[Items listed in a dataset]
=== Section Start ===

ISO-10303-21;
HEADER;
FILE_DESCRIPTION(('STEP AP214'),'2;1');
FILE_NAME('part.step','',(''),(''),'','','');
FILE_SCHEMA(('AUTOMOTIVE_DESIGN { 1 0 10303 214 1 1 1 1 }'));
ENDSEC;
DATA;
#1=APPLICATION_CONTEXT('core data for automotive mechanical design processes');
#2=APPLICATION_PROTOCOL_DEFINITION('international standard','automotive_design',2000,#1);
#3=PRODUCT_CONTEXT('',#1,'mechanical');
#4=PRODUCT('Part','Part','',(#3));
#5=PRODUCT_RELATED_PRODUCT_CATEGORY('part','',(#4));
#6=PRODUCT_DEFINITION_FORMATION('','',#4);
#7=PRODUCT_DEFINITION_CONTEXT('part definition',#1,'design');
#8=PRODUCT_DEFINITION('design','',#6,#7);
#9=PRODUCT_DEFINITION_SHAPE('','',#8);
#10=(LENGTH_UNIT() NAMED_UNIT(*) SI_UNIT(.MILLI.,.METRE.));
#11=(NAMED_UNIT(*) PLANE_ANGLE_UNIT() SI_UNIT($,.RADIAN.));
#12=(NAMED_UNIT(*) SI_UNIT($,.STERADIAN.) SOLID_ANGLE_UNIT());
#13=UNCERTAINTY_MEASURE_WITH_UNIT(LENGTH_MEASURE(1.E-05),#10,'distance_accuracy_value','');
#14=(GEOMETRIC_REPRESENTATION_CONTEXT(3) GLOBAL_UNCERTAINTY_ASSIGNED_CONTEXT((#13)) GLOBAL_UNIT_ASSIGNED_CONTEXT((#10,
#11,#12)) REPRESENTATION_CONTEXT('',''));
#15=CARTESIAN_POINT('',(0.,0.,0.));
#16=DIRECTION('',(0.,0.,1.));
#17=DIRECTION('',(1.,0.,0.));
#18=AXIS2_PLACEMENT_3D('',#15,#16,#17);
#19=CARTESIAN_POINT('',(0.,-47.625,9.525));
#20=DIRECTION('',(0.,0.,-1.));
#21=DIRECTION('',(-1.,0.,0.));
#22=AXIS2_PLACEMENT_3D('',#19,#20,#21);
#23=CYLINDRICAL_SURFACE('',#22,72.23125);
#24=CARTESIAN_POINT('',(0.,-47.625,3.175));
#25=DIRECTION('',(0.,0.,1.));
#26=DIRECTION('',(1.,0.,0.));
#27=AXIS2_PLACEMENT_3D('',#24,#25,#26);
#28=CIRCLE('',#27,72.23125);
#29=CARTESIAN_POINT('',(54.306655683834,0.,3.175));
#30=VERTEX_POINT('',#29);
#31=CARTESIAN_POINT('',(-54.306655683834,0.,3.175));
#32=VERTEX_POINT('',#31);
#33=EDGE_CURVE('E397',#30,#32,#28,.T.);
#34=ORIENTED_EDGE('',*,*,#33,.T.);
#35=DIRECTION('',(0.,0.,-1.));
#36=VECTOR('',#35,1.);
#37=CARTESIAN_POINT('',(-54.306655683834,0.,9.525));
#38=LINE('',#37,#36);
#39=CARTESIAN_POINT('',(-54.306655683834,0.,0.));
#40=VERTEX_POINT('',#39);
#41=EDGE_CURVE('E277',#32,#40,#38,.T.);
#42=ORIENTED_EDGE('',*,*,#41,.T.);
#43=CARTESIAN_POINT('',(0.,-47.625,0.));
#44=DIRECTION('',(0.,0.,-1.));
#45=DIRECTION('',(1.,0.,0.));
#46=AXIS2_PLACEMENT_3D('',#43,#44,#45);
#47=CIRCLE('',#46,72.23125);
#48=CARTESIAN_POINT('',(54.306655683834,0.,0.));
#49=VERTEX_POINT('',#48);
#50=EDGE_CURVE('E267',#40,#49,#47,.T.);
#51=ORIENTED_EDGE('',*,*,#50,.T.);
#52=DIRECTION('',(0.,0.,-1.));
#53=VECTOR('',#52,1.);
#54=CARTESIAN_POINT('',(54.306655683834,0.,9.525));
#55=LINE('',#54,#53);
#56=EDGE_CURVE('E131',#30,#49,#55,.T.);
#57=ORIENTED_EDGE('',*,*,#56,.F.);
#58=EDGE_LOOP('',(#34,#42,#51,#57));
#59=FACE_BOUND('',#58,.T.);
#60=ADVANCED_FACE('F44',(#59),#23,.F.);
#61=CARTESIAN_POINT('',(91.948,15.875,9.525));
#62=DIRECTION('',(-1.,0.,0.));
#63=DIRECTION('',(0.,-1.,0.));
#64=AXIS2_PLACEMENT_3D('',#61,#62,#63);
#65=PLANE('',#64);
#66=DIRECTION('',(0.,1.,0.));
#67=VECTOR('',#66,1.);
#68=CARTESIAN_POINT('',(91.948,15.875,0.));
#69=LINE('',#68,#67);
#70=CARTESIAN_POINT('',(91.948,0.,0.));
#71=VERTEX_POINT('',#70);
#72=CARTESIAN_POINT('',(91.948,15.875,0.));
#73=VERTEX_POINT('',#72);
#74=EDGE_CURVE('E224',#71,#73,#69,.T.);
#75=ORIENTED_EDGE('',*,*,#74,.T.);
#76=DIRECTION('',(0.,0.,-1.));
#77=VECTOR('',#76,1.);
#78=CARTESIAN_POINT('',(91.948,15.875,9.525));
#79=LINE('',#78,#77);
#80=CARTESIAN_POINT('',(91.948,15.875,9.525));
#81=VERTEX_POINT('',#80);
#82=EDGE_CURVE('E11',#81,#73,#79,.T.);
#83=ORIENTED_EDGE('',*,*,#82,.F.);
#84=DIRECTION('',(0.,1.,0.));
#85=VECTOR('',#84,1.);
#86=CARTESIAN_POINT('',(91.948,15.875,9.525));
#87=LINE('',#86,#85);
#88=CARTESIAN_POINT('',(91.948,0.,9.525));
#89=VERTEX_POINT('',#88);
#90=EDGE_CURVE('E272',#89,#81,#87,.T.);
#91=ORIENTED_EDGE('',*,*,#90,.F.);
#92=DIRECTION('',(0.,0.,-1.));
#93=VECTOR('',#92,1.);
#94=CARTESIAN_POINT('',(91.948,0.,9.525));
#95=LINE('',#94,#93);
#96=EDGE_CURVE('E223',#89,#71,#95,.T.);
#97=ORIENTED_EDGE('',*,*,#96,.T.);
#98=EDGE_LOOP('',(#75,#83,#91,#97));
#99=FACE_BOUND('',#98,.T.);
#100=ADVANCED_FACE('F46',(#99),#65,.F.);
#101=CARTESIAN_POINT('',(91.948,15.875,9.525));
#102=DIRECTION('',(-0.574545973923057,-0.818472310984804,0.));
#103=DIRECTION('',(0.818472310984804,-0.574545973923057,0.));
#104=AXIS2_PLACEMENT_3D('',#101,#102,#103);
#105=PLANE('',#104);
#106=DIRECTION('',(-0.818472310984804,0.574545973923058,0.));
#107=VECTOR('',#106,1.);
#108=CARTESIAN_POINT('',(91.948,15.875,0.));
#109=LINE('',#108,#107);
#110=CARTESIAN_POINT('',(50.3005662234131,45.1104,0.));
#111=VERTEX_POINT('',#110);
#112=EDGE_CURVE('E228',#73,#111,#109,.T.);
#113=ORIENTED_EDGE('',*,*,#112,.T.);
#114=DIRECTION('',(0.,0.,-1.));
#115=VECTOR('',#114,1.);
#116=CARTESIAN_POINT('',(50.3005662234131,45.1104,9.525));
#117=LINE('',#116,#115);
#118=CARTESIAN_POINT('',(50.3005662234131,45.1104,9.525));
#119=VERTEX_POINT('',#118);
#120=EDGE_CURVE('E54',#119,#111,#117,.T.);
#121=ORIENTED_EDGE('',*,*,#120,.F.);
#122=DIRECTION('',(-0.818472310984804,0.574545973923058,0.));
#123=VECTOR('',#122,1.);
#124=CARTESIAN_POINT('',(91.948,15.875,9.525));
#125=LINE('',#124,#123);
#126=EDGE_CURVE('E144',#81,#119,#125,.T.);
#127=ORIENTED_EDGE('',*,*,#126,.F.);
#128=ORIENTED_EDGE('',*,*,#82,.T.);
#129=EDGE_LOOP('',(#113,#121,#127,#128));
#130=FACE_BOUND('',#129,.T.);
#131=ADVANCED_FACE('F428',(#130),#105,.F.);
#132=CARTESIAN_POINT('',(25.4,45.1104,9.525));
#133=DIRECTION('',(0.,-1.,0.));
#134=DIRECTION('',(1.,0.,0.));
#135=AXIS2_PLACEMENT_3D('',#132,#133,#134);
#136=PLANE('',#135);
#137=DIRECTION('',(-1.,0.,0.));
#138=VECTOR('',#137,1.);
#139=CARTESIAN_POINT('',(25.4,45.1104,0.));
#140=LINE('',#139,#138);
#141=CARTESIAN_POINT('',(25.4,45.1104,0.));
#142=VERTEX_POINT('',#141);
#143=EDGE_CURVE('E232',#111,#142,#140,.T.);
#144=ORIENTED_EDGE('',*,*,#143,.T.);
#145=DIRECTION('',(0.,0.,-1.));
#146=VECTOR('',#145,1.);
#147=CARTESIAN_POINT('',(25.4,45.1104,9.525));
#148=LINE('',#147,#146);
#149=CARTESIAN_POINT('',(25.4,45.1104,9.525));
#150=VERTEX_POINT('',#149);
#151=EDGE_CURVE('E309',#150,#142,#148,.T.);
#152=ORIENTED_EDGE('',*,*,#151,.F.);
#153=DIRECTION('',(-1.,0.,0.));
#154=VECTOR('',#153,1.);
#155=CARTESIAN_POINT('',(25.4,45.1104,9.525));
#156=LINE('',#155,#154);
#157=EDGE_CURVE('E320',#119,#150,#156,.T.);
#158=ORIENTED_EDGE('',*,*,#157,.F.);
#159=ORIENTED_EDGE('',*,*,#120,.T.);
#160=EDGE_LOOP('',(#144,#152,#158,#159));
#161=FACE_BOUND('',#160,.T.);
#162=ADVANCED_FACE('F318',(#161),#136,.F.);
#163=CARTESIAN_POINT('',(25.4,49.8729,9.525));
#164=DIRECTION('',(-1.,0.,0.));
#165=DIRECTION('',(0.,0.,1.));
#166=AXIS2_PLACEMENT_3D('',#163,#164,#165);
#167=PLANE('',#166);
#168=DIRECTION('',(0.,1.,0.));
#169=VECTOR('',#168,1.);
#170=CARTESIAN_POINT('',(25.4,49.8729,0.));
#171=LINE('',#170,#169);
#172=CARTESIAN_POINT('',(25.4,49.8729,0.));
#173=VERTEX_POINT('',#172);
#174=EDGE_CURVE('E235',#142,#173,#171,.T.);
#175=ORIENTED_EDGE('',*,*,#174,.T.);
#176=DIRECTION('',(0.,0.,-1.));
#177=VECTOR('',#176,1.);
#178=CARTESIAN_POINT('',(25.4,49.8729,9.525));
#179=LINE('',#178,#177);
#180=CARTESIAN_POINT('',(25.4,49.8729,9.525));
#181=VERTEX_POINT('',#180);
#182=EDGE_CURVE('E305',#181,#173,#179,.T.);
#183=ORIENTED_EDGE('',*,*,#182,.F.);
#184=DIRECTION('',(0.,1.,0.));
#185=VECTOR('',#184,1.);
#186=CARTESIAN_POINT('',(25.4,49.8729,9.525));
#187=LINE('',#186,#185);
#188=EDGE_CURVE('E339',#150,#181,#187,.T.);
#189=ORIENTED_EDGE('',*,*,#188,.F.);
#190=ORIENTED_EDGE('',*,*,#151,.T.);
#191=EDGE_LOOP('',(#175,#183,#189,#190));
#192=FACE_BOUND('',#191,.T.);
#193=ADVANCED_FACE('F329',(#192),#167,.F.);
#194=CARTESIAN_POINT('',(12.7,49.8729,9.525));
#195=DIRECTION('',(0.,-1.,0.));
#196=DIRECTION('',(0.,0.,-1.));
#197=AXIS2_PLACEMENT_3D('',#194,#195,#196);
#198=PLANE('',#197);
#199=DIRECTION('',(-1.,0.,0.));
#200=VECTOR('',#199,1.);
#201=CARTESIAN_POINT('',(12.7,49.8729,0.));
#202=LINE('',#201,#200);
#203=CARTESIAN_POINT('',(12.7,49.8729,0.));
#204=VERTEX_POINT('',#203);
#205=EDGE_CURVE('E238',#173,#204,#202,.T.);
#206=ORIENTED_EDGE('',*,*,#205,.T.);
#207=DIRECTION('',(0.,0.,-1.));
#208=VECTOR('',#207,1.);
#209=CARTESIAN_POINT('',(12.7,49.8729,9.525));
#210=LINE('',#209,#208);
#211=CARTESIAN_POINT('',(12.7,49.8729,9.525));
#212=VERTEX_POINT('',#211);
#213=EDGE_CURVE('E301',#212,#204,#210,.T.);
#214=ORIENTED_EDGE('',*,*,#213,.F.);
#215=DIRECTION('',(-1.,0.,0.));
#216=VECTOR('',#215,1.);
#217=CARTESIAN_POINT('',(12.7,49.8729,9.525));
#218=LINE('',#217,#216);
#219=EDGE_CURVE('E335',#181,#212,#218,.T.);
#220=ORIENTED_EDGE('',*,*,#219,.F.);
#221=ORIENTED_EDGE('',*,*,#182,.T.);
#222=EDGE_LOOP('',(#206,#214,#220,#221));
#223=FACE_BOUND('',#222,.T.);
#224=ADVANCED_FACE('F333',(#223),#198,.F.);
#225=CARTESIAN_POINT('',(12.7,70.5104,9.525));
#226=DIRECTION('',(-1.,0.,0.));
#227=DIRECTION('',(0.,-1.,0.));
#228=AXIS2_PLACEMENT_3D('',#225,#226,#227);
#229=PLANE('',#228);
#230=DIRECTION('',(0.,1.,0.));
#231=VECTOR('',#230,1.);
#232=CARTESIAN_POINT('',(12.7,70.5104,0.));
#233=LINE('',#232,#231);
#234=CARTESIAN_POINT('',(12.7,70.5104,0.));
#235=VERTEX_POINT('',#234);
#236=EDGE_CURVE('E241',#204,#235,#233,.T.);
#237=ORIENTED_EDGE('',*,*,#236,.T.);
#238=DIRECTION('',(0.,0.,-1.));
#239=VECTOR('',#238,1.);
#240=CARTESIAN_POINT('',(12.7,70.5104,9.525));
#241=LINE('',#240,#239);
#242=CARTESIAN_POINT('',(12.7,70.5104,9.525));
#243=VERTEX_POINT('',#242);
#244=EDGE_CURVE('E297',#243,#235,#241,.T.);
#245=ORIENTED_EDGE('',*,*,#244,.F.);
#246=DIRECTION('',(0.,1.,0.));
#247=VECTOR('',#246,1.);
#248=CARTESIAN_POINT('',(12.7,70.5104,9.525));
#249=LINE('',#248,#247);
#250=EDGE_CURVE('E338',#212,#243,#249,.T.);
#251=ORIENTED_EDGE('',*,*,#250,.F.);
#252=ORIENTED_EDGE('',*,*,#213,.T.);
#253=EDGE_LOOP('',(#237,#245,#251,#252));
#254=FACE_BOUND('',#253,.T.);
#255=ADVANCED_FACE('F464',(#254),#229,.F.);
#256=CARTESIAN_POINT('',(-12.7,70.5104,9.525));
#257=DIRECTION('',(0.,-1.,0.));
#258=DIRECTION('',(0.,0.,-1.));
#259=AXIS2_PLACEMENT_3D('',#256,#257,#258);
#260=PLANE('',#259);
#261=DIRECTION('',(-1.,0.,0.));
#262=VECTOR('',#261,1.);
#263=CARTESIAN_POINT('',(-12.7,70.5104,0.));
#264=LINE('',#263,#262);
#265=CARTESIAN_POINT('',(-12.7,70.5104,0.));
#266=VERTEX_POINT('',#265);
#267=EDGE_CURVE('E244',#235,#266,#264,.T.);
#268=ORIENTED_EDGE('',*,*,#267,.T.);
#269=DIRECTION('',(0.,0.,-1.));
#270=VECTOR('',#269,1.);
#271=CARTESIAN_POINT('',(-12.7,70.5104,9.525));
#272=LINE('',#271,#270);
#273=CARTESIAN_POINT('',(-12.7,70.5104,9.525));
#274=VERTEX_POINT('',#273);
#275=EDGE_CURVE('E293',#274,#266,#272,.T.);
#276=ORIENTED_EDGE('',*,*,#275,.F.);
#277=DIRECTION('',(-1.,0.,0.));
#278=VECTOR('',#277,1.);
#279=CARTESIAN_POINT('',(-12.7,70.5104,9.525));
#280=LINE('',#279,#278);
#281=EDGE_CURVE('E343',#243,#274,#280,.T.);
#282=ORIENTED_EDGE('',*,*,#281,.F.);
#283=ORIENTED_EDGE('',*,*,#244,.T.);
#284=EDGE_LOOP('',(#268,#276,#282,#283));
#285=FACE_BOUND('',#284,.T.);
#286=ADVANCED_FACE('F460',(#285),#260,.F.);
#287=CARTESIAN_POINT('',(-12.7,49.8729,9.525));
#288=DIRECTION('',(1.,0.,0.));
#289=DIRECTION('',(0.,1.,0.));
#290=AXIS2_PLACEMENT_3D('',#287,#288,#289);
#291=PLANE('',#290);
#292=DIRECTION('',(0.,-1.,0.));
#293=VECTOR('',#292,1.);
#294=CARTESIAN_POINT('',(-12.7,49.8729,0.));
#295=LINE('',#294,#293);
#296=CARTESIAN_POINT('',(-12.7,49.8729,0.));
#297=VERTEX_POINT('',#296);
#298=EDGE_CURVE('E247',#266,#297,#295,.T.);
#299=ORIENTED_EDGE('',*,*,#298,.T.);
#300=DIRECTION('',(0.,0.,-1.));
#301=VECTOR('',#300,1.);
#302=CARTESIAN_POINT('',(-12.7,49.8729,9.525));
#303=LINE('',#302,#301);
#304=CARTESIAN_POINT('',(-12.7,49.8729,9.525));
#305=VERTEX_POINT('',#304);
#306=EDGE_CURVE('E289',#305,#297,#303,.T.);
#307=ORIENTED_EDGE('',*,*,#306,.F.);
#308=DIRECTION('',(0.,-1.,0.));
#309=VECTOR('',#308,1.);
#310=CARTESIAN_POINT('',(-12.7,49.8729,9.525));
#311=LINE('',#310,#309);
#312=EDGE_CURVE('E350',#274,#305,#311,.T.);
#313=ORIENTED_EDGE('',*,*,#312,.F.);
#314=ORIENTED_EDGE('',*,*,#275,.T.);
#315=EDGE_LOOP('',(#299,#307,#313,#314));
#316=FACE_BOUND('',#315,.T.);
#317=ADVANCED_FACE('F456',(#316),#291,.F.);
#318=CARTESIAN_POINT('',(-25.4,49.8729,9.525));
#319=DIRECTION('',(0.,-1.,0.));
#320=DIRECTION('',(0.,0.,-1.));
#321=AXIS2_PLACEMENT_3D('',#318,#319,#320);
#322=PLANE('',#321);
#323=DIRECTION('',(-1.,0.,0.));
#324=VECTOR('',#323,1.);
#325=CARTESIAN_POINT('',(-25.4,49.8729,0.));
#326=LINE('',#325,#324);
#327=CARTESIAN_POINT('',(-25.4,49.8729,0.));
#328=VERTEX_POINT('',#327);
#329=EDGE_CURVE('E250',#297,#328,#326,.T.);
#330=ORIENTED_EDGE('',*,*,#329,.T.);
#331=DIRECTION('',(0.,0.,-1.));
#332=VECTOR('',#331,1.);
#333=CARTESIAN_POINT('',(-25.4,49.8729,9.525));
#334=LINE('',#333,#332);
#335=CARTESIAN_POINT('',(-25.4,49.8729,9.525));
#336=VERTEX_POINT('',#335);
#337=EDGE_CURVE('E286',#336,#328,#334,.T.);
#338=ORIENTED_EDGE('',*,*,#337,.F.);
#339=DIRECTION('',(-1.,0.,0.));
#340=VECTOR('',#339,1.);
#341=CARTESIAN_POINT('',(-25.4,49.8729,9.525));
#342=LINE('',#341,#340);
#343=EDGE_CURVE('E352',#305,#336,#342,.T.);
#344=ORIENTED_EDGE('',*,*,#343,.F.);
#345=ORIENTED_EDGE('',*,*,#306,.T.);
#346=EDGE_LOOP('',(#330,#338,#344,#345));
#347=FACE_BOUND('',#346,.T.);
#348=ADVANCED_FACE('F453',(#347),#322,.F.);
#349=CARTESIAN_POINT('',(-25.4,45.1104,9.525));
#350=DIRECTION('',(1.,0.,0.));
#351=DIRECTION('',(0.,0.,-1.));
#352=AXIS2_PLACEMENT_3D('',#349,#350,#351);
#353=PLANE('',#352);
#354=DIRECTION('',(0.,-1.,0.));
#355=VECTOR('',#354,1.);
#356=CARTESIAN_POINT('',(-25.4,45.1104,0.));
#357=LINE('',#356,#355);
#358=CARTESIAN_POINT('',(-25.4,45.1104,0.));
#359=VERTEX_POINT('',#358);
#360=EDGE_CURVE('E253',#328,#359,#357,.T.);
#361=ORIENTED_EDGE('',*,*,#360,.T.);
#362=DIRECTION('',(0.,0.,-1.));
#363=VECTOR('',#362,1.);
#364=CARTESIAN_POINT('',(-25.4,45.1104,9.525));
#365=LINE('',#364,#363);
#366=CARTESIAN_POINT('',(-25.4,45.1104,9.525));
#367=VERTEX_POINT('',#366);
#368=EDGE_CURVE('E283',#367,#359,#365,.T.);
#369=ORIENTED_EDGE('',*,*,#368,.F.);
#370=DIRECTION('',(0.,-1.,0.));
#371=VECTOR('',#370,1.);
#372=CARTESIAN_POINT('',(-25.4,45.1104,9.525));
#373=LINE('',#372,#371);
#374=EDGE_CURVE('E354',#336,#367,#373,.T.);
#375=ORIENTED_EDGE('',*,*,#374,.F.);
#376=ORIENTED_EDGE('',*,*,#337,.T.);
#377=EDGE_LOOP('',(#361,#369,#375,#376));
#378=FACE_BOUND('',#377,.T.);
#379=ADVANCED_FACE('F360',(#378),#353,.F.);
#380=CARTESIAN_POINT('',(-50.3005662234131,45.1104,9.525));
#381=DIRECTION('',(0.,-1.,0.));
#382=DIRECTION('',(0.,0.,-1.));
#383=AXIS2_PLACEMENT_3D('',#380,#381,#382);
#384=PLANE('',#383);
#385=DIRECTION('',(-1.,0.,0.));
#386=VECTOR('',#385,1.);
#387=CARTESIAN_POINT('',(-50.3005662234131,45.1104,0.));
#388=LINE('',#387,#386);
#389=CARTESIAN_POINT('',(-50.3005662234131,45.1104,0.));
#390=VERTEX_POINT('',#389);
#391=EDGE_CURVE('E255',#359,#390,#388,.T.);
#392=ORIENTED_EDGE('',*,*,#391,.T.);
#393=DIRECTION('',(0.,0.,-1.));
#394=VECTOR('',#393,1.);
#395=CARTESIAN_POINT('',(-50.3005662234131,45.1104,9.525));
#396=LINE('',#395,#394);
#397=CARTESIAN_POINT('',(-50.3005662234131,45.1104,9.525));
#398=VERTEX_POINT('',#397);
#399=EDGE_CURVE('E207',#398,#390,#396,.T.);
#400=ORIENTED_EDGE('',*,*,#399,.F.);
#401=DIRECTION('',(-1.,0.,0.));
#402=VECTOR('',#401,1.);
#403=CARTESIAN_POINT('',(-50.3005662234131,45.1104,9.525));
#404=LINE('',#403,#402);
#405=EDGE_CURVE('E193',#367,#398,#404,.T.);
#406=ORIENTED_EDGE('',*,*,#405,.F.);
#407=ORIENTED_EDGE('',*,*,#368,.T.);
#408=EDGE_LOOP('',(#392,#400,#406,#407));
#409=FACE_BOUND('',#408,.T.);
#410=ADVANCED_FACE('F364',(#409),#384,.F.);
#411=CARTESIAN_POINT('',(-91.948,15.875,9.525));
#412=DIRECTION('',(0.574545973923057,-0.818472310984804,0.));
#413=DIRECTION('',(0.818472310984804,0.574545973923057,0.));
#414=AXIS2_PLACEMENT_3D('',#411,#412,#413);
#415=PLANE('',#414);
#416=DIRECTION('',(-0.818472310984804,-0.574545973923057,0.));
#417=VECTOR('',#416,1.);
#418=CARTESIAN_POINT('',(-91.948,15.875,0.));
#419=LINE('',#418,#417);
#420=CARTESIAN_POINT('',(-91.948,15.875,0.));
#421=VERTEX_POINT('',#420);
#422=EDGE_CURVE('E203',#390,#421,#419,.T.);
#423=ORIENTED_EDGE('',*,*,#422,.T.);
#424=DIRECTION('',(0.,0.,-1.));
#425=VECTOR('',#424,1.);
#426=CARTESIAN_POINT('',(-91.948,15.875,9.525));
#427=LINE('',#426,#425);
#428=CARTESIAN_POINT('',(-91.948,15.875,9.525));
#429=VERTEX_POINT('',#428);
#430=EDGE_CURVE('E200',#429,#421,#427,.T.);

=== Section End ===

(TASK STATEMENT): Whenever a line in the records contains the word "CIRCLE", copy that line.

(EXPECTED ANSWER):
#28=CIRCLE('',#27,72.23125);
#47=CIRCLE('',#46,72.23125);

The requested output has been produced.